Directions: Going line by line through the listing below, count those with the string "SaturateOnIntegerOverflow" and answer with the number alone.

Dataset records:
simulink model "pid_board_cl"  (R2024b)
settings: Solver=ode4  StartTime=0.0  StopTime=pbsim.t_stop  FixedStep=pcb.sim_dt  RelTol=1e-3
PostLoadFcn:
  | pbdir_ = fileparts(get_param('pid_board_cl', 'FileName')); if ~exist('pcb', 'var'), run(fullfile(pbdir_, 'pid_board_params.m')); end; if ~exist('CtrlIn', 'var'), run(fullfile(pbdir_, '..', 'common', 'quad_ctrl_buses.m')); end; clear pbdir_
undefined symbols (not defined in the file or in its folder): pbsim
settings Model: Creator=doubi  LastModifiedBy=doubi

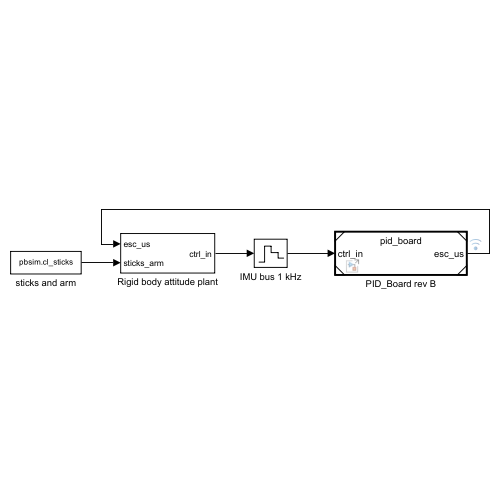
[thumbnail: Simulink's stored preview of the top-level diagram]
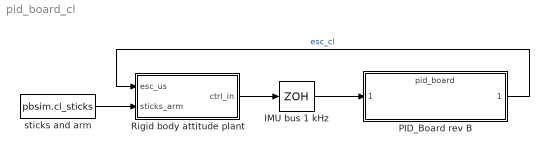
== system pid_board_cl ==
  IMU bus 1 kHz : ZeroOrderHold  SampleTime=1e-3
  PID_Board rev B : ModelReference  ModelNameDialog=pid_board  ParameterArgumentNames=board_variant  ParameterArgumentValues=pcb.variant  UsingDefaultArgumentValue=0  SimulationMode=Normal  ModelReferenceVersion=1.1
  Rigid body attitude plant : Subsystem  mask{pl=pbsim.plant}
  sticks and arm : FromWorkspace  VariableName=pbsim.cl_sticks  Interpolate=off  OutputAfterFinalValue=Holding final value
  wires:
  IMU bus 1 kHz/1 -> PID_Board rev B/1
  sticks and arm/1 -> Rigid body attitude plant/2(sticks_arm)
  PID_Board rev B/1 -> Rigid body attitude plant/1(esc_us)  "esc_cl"
  Rigid body attitude plant/1(ctrl_in) -> IMU bus 1 kHz/1

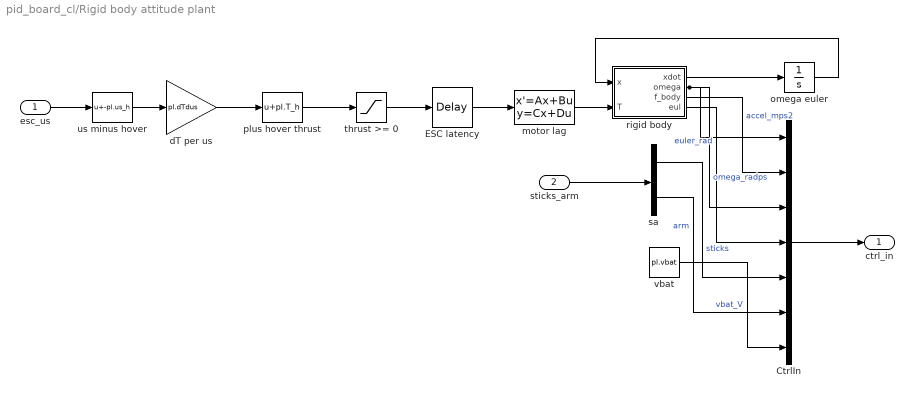
== system pid_board_cl/Rigid body attitude plant ==
  esc_us : Inport
  sticks_arm : Inport  Port=2
  CtrlIn : BusCreator  Inputs=7  OutDataTypeStr=Bus: CtrlIn
      settings: InheritFromInputs=off
  ESC latency : TransportDelay  DelayTime=pl.t_lat  InitialOutput=pl.T_h
  dT per us : Gain  Gain=pl.dTdus
  motor lag : StateSpace  A=-eye(4)/pl.tau  B=eye(4)/pl.tau  C=eye(4)  D=zeros(4)  InitialCondition=pl.T_h*ones(4,1)
  omega euler : Integrator  InitialCondition=pl.x0
  plus hover thrust : Bias  Bias=pl.T_h  SaturateOnIntegerOverflow=off
  rigid body : MATLAB Function  TreatAsAtomicUnit=on
  sa : Demux  Outputs=[4 1]
  thrust >= 0 : Saturate  UpperLimit=pl.T_max  LowerLimit=0
  us minus hover : Bias  Bias=-pl.us_h  SaturateOnIntegerOverflow=off
  vbat : Constant  Value=pl.vbat  SampleTime=0
  ctrl_in : Outport
  wires:
  plus hover thrust/1 -> thrust >= 0/1
  us minus hover/1 -> dT per us/1
  esc_us/1 -> us minus hover/1
  sticks_arm/1 -> sa/1
  thrust >= 0/1 -> ESC latency/1
  dT per us/1 -> plus hover thrust/1
  ESC latency/1 -> motor lag/1
  motor lag/1 -> rigid body/2(T)
  omega euler/1 -> rigid body/1(x)
  rigid body/1(xdot) -> omega euler/1
  rigid body/2(omega) -> CtrlIn/1, CtrlIn/3  "omega_radps"
  vbat/1 -> CtrlIn/7  "vbat_V"
  rigid body/3(f_body) -> CtrlIn/2  "accel_mps2"
  rigid body/4(eul) -> CtrlIn/4  "euler_rad"
  sa/1 -> CtrlIn/5  "sticks"
  sa/2 -> CtrlIn/6  "arm"
  CtrlIn/1 -> ctrl_in/1

== matlab function pid_board_cl/Rigid body attitude plant/rigid body ==
  data: x input size=[6 1]; xdot output size=[6 1]; T input size=[4 1]; omega output size=[3 1]; f_body output size=[3 1]; eul output size=[3 1]; pl parameter
function [xdot, omega, f_body, eul] = rb(x, T, pl)
%Rigid-body attitude dynamics (FRD), thrust T(4) along -z at r_i, Q_i = -spin_i*kQ/kT*T_i
omega = x(1:3); eul = x(4:6);
tau = [-pl.ry*T; pl.rx*T; -(pl.spin*T)*pl.kQT];
wdot = pl.Jinv*(tau - cross(omega, pl.J*omega) - pl.krot.*omega);
ph = eul(1); th = eul(2);
p = omega(1); q = omega(2); r = omega(3);
eulDot = [p + (q*sin(ph) + r*cos(ph))*tan(th); q*cos(ph) - r*sin(ph); (q*sin(ph) + r*cos(ph))/cos(th)];
xdot = [wdot; eulDot];
% quasi-static specific force (hover in place): -gravity in body axes
f_body = pl.g*[sin(th); -sin(ph)*cos(th); -cos(ph)*cos(th)];

Exercise response: 2